Adquirió la costumbre de escribir largos documentos, que sellaba con cuidado y llenaba de instrucciones para que a su muerte los remitiera yo a sus destinatarios. Estos eran en su mayoría de las Indias Occidentales, pero entre ellos se encontraba un médico francés famoso en otro tiempo y al que ahora se daba por muerto, y del que se decían las cosas más increíbles. Pero lo que hice en realidad, fue quemar todos los documentos antes de enviarlos o abrirlos. El aspecto y la voz del doctor Muñoz se volvieron absolutamente espantosos y su presencia casi insoportable. Un día de septiembre, una inesperada mirada suscitó una crisis epiléptica en un hombre que había venido a reparar la lámpara eléctrica de su mesa de trabajo, ataque éste del que se recuperó gracias a las indicaciones del doctor mientras se mantenía lejos de su vista. Aquel hombre, harto sorprendentemente, había vivido los horrores de la gran guerra sin sufrir tamaña sensación de terror.

Un día, a mediados de octubre, sobrevino el horror de los horrores de forma repentina. Una noche se rompió la bomba de la máquina de refrigeración, por lo que pasadas tres horas resultó imposible mantener el proceso de enfriamiento del amoníaco. El doctor Muñoz me avisó dando golpes en el suelo, y yo hice lo imposible por repara la avería, mientras mi vecino no cesaba de lanzar imprecaciones. Mis esfuerzos resultaron inútiles; y cuando al cabo de un rato me presenté con un mecánico de un garaje nocturno cercano, comprobamos que nada podía hacerse hasta la mañana siguiente, pues hacía falta un nuevo pistón. La rabia y el pánico del moribundo ermitaño adquirieron proporciones grotescas, dando la impresión de que fuera a quebrarse lo que quedaba de su debilitado físico, hasta que en un momento dado un espasmo le obligó a llevarse las manos a los ojos y precipitarse hacia el cuarto de baño.
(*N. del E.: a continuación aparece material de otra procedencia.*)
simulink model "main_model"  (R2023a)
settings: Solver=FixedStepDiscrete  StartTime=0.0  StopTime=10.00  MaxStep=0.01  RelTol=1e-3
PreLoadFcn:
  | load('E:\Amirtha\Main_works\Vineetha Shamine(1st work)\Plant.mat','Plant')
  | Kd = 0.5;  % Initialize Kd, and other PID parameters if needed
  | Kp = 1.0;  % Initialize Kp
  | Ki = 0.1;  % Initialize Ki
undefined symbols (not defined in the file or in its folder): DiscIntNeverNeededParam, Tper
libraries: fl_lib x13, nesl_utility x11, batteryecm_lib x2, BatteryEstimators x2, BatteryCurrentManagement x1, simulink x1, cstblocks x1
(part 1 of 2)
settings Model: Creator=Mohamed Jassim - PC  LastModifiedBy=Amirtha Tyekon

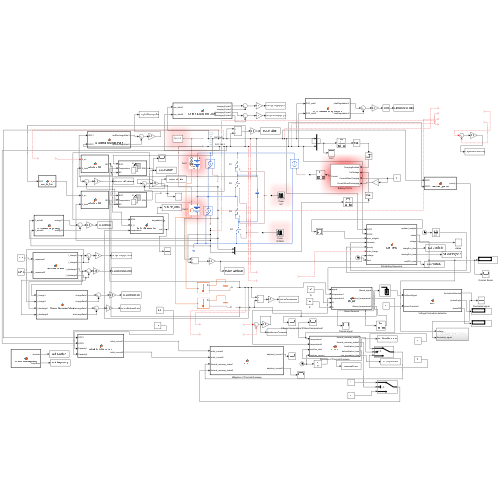
[thumbnail: Simulink's stored preview of the top-level diagram]
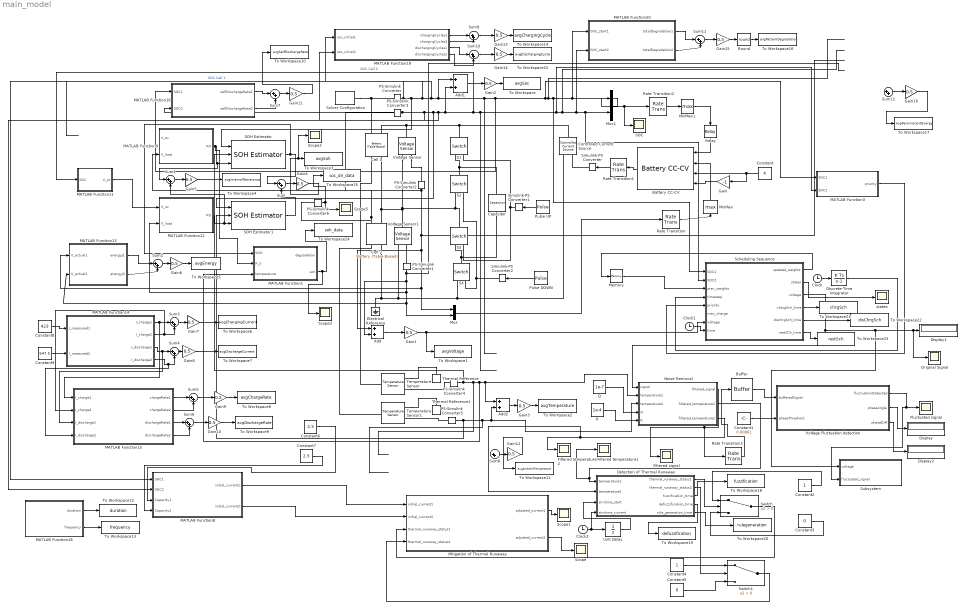
== system main_model ==
  Add : Sum  OutDataTypeStr=double
  Add1 : Sum
  Add2 : Sum
  Battery CC-CV : BatteryCurrentManagement/Battery CC-CV  MaxCellVoltage=vMax  Kp=100  Ki=10  Kaw=1  Kt=1  Ts=Tper*20
      settings: LibrarySourceBlock=batt_sl_lib/Current Management/Battery CC-CV
  Buffer : Buffer  N=20  OutputFrames=off
  Capacitor : fl_lib/Electrical/Electrical Elements/Capacitor  c=0.5 F  r=0 Ohm  g=0 1/Ohm  i_specify=off  i_priority=None  i=0 A  i_nominal_specify=off  i_nominal_unit=A  i_nominal_value=1  v_specify=off  v_priority=None  v=0 V  v_nominal_specify=off  v_nominal_unit=V  v_nominal_value=1  vc_specify=off  vc_priority=High  vc=0 V  vc_nominal_specify=off  vc_nominal_unit=V  vc_nominal_value=1
  Cell 1 : batteryecm_lib/Battery (Table-Based)  SOC_vec=SOC_vec  T_dependence=simscape.enum.tablebattery.temperature_dependence.yes  prm_dir=simscape.enum.tablebattery.prm_dir.noCurrentDirectionality  T_vec=T_vec K  V0_mat=V0_mat V  V0_vec=[3.5057, 3.566, 3.6337, 3.7127, 3.9259, 4.0777, 4.1928] V  V_range=[0, inf] V  R0_mat=R0_mat Ohm  R0_vec=[.0085, .0085, .0087, .0082, .0083, .0085, .0085] Ohm  R0_dis_mat=[.0117, .0085, .009; .011, .0085, .009; .0114, .0087, .0092; .0107, .0082, .0088; .0107, .0083, .0091; .0113, .0085, .0089; .0116, .0085, .0089] Ohm  R0_dis_vec=[.0085, .0085, .0087, .0082, .0083, .0085, .0085] Ohm  R0_ch_mat=[.0117, .0085, .009; .011, .0085, .009; .0114, .0087, .0092; .0107, .0082, .0088; .0107, .0083, .0091; .0113, .0085, .0089; .0116, .0085, .0089] Ohm  R0_ch_vec=[.0085, .0085, .0087, .0082, .0083, .0085, .0085] Ohm  AH=AH A*hr  prm_leak=simscape.enum.tablebattery.prm_leak.enabled  Rleak_vec=[8000, 7000, 6000] Ohm  Rleak=7e3 Ohm  extrapolation_option=simscape.enum.extrapolation.nearest  SOC_port=simscape.enum.tablebattery.enable.yes  prm_dyn=simscape.enum.tablebattery.prm_dyn.rc1  R1_mat=R1_mat Ohm  R1_vec=[.0029, .0024, .0026, .0016, .0023, .0018, .0017] Ohm  tau1_mat=tau1_mat s  tau1_vec=[36, 45, 105, 29, 77, 33, 39] s  R2_mat=[.0109, .0029, .0013; .0069, .0024, .0012; .0047, .0026, .0013; .0034, .0016, .001; .0033, .0023, .0014; .0033, .0018, .0011; .0028, .0017, .0011] Ohm  R2_vec=[.0029, .0024, .0026, .0016, .0023, .0018, .0017] Ohm  tau2_mat=[20, 36, 39; 31, 45, 39; 109, 105, 61; 36, 29, 26; 59, 77, 67; 40, 33, 29; 25, 39, 33] s  tau2_vec=[36, 45, 105, 29, 77, 33, 39] s  R3_mat=[.0109, .0029, .0013; .0069, .0024, .0012; .0047, .0026, .0013; .0034, .0016, .001; .0033, .0023, .0014; .0033, .0018, .0011; .0028, .0017, .0011] Ohm  R3_vec=[.0029, .0024, .0026, .0016, .0023, .0018, .0017] Ohm  tau3_mat=[20, 36, 39; 31, 45, 39; 109, 105, 61; 36, 29, 26; 59, 77, 67; 40, 33, 29; 25, 39, 33] s  tau3_vec=[36, 45, 105, 29, 77, 33, 39] s  R4_mat=[.0109, .0029, .0013; .0069, .0024, .0012; .0047, .0026, .0013; .0034, .0016, .001; .0033, .0023, .0014; .0033, .0018, .0011; .0028, .0017, .0011] Ohm  R4_vec=[.0029, .0024, .0026, .0016, .0023, .0018, .0017] Ohm  tau4_mat=[20, 36, 39; 31, 45, 39; 109, 105, 61; 36, 29, 26; 59, 77, 67; 40, 33, 29; 25, 39, 33] s  tau4_vec=[36, 45, 105, 29, 77, 33, 39] s  R5_mat=[.0109, .0029, .0013; .0069, .0024, .0012; .0047, .0026, .0013; .0034, .0016, .001; .0033, .0023, .0014; .0033, .0018, .0011; .0028, .0017, .0011] Ohm  R5_vec=[.0029, .0024, .0026, .0016, .0023, .0018, .0017] Ohm  tau5_mat=[20, 36, 39; 31, 45, 39; 109, 105, 61; 36, 29, 26; 59, 77, 67; 40, 33, 29; 25, 39, 33] s  tau5_vec=[36, 45, 105, 29, 77, 33, 39] s  prm_fade=simscape.enum.tablebattery.prm_fade.disabled  N0=10  dV0=0  dR0=500  dAH=0  dRleak=0  dR1=0  dR2=0  dR3=0  dR4=0  dR5=0  N0vec=[100, 200, 300]  Tfadevec=[298.15, 323.15] K  dV0vec=[0, 0, 0]  dR0vec=[0, 0, 0]  dAHvec=[0, 0, 0]  dRleakvec=[0, 0, 0]  dR1vec=[0, 0, 0]  dR2vec=[0, 0, 0]  dR3vec=[0, 0, 0]  dR4vec=[0, 0, 0]  dR5vec=[0, 0, 0]  dV0mat=[0, 0; 0, 0; 0, 0]  dR0mat=[0, 0; 0, 0; 0, 0]  dAHmat=[0, 0; 0, 0; 0, 0]  dRleakmat=[0, 0; 0, 0; 0, 0]  dR1mat=[0, 0; 0, 0; 0, 0]  dR2mat=[0, 0; 0, 0; 0, 0]  dR3mat=[0, 0; 0, 0; 0, 0]  dR4mat=[0, 0; 0, 0; 0, 0]  dR5mat=[0, 0; 0, 0; 0, 0]  prm_age_modeling=simscape.enum.tablebattery.prm_age_modeling.equation  storage_dt_age_vec=[0] d  storage_T_age_vec=[273] K  prm_age_OCV=simscape.enum.tablebattery.prm_age_OCV.OCV  OCV_age=0.9  SOC_age=0.6  prm_age_resistance=simscape.enum.tablebattery.prm_age.disabled  OCV_scaling_age_resistance=2.2134e6  OCV_offset_age_resistance=1.632e6  temp_exp_age_resistance=0.515833569 V  t_exp_age_resistance=0.75  T_age_vec_resistance=[273.15, 298.15, 323.15] K  dt_age_vec_resistance=[90, 180, 270, 360] d  dR0_age_vec=[0, 0, 0]  t_meas_dR0_age=100 d  dR0_age_mat=[0, 0, 0; 0, 0, 0; 0, 0, 0; 0, 0, 0]  prm_age_capacity=simscape.enum.tablebattery.prm_age.disabled  OCV_scaling_age_capacity=1.5097e07  OCV_offset_age_capacity=8.3625e06  temp_exp_age_capacity=0.6011 V  t_exp_age_capacity=0.75  T_age_vec_capacity=[273.15, 298.15, 323.15] K  dt_age_vec_capacity=[90, 180, 270, 360] d  dAH_age_vec=[0, 0, 0]  t_meas_dAH_age=100 d  dAH_age_mat=[0, 0, 0; 0, 0, 0; 0, 0, 0; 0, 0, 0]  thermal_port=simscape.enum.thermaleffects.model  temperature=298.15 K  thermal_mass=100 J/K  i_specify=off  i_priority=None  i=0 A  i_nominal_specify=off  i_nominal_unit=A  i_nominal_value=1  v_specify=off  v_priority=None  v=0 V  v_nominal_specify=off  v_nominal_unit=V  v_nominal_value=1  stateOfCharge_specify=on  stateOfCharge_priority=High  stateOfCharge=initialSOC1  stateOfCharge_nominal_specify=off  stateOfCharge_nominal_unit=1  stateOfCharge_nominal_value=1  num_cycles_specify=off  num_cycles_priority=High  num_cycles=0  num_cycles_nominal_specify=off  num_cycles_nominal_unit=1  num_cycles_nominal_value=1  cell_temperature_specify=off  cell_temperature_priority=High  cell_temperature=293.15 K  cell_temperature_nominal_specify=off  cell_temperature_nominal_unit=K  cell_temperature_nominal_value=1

Salió de allí a tientas con el rostro fuertemente vendado y ya no volví a ver sus ojos.

El frío reinante en la estancia empezó a disminuir de forma apreciable y a eso de las cinco de la mañana el doctor se retiró al cuarto de baño, al tiempo que me encargaba le procurase todo el hielo que pudiera conseguir en las tiendas y cafeterías abiertas durante la noche. Cada vez que regresaba da alguna de mis desalentadoras correrías y dejaba el botín delante de la puerta cerrada del baño, podía oír un incansable chapoteo dentro y una voz ronca que gritaba ¡Más! ¡Más!. Finalmente, amaneció un caluroso día, y las tiendas fueron abriendo una tras otra. Le pedí a Esteban que me ayudara en la búsqueda del hielo mientras yo me encargaba de conseguir el pistón. Pero, siguiendo las órdenes de su madre, el muchacho se negó en redondo.

En última instancia, contraté los servicios de un haragán, a fin de que le subiera al paciente hielo de una pequeña tienda, mientras yo me entregaba con la mayor diligencia a la tarea de encontrar un pistón para la bomba y conseguir los servicios de unos obreros competentes que lo instalaran. La tarea parecía interminable, y casi llegué a desalentarme al ver cómo transcurrían las horas yendo de acá para allá sin aliento y sin ingerir alimento alguno. Serían las doce cuando muy lejos del centro encontré un almacén de repuestos donde tenían lo que buscaba, y aproximadamente hora y media después llegaba a la pensión con el instrumental necesario y dos fornidos y avezados mecánicos. Había hecho todo lo que estaba en mi mano, y sólo me quedaba esperar que llegase a tiempo.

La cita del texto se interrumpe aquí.